==== Data to examine

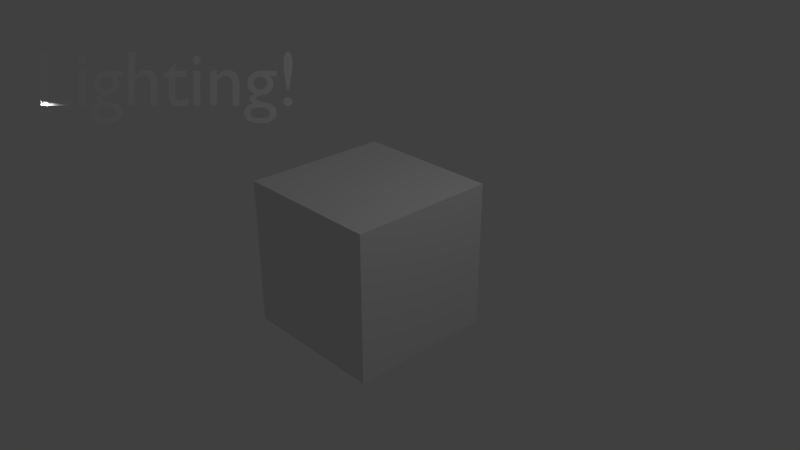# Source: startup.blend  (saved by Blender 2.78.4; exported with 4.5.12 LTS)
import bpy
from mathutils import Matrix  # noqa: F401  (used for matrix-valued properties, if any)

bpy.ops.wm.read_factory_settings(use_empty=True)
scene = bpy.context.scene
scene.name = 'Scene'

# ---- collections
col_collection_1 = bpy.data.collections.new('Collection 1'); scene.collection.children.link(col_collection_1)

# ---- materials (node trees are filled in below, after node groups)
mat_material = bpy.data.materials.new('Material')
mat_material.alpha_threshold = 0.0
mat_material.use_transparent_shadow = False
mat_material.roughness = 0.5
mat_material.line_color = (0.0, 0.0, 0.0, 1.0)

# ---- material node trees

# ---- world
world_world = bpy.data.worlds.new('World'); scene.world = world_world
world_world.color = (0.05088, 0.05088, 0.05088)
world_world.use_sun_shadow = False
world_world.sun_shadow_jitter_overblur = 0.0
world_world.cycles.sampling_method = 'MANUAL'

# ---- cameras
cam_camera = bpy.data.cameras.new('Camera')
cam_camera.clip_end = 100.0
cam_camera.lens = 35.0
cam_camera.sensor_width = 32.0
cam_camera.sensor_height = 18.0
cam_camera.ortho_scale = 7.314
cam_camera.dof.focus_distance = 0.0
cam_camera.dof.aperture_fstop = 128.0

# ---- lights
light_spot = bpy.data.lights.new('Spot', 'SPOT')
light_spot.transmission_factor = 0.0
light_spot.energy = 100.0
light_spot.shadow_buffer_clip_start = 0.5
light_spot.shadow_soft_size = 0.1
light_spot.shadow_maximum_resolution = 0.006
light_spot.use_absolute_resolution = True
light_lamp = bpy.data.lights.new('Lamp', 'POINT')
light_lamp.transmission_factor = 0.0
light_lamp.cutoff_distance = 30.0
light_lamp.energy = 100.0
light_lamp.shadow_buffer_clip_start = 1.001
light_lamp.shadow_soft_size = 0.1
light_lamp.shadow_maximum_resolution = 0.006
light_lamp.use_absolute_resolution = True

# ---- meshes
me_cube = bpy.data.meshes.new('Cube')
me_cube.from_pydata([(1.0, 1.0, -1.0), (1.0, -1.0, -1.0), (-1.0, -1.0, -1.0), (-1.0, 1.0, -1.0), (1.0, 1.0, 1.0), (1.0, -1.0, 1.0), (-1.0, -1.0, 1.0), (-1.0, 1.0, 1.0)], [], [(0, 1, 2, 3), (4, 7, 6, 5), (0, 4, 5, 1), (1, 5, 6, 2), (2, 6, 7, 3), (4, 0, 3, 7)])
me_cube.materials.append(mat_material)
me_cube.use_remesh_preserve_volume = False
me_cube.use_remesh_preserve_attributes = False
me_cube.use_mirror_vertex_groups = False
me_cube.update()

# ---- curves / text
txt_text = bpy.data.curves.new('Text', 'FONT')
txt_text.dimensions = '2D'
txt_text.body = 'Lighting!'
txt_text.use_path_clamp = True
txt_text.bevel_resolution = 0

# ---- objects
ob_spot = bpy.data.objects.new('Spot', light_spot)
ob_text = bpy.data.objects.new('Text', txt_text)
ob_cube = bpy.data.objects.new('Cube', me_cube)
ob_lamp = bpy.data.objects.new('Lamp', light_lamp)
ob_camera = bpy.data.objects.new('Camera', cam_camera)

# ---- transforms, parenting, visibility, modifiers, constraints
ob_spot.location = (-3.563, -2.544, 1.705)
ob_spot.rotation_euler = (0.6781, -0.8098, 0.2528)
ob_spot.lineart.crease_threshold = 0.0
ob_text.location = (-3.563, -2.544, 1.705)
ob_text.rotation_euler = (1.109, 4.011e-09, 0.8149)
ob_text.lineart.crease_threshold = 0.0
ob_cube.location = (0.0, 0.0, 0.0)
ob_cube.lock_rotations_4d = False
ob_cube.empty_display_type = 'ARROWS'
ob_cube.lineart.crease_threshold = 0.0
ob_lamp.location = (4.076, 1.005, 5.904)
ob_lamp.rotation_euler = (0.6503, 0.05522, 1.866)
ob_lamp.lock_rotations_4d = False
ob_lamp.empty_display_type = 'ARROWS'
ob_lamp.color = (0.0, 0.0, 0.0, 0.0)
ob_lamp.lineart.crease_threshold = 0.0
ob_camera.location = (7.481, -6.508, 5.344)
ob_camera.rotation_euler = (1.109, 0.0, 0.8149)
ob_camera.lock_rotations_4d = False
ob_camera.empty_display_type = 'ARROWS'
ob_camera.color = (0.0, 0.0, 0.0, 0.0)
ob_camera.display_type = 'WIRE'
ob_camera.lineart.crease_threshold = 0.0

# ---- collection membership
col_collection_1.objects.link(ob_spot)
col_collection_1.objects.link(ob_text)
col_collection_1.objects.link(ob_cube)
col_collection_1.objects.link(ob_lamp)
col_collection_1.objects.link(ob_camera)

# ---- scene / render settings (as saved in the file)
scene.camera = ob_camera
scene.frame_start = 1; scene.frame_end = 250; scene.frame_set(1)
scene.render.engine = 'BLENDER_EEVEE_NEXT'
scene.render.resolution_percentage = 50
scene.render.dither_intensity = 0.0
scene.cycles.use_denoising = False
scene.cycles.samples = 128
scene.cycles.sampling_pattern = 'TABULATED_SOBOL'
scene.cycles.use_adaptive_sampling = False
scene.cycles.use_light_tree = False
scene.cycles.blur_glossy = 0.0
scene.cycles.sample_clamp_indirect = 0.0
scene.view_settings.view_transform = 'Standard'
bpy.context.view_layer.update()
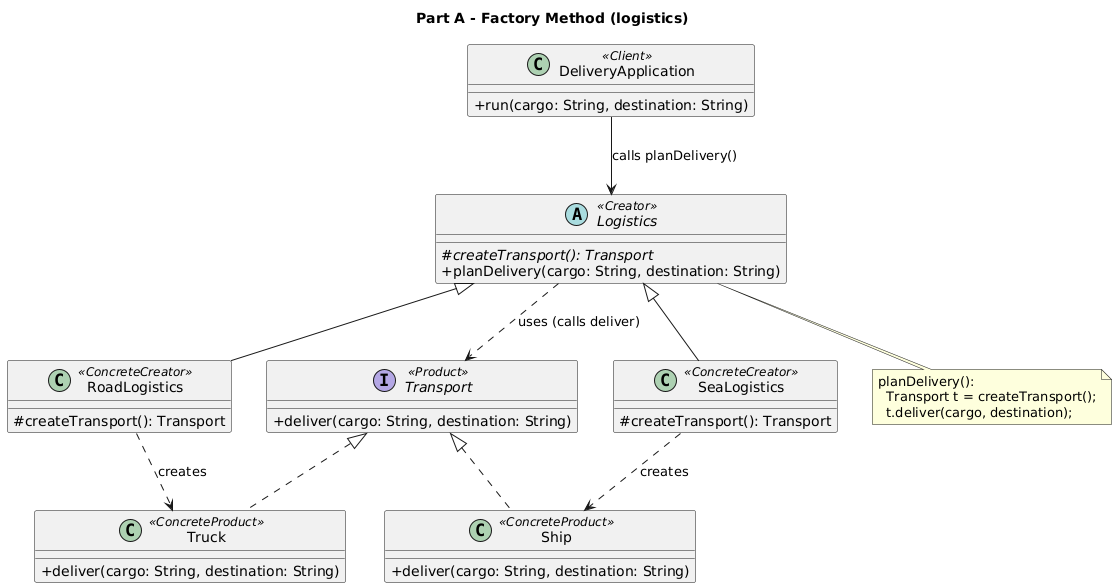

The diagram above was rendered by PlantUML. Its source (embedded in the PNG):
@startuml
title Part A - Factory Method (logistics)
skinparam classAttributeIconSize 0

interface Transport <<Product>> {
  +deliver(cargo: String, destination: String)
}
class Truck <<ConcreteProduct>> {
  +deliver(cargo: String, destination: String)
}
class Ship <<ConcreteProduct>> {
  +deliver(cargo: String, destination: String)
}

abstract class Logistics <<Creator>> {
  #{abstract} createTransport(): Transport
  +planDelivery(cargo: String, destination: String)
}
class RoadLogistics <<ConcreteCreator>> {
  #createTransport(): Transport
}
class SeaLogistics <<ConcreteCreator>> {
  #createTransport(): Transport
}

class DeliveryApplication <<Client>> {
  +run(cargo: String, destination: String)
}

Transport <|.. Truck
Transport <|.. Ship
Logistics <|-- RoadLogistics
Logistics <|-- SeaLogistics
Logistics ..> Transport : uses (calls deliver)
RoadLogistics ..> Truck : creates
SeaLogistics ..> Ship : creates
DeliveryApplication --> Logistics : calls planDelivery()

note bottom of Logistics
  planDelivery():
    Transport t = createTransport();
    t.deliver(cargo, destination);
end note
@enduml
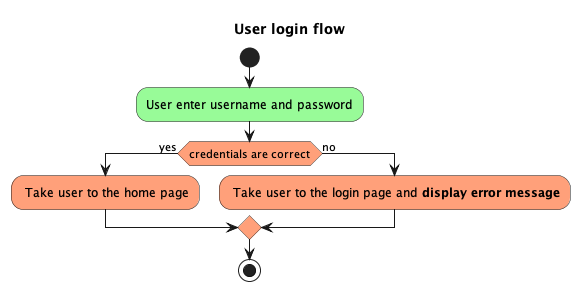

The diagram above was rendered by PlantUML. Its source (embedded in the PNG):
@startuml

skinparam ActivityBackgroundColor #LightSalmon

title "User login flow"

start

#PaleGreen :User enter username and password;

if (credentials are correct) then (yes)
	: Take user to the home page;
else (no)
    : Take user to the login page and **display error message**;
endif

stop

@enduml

========

**What to produce:** Go through the data above and find the lines with the word "RoadLogistics". Copy each of those lines.

**Output below:**
class RoadLogistics <<ConcreteCreator>> {
Logistics <|-- RoadLogistics
RoadLogistics ..> Truck : creates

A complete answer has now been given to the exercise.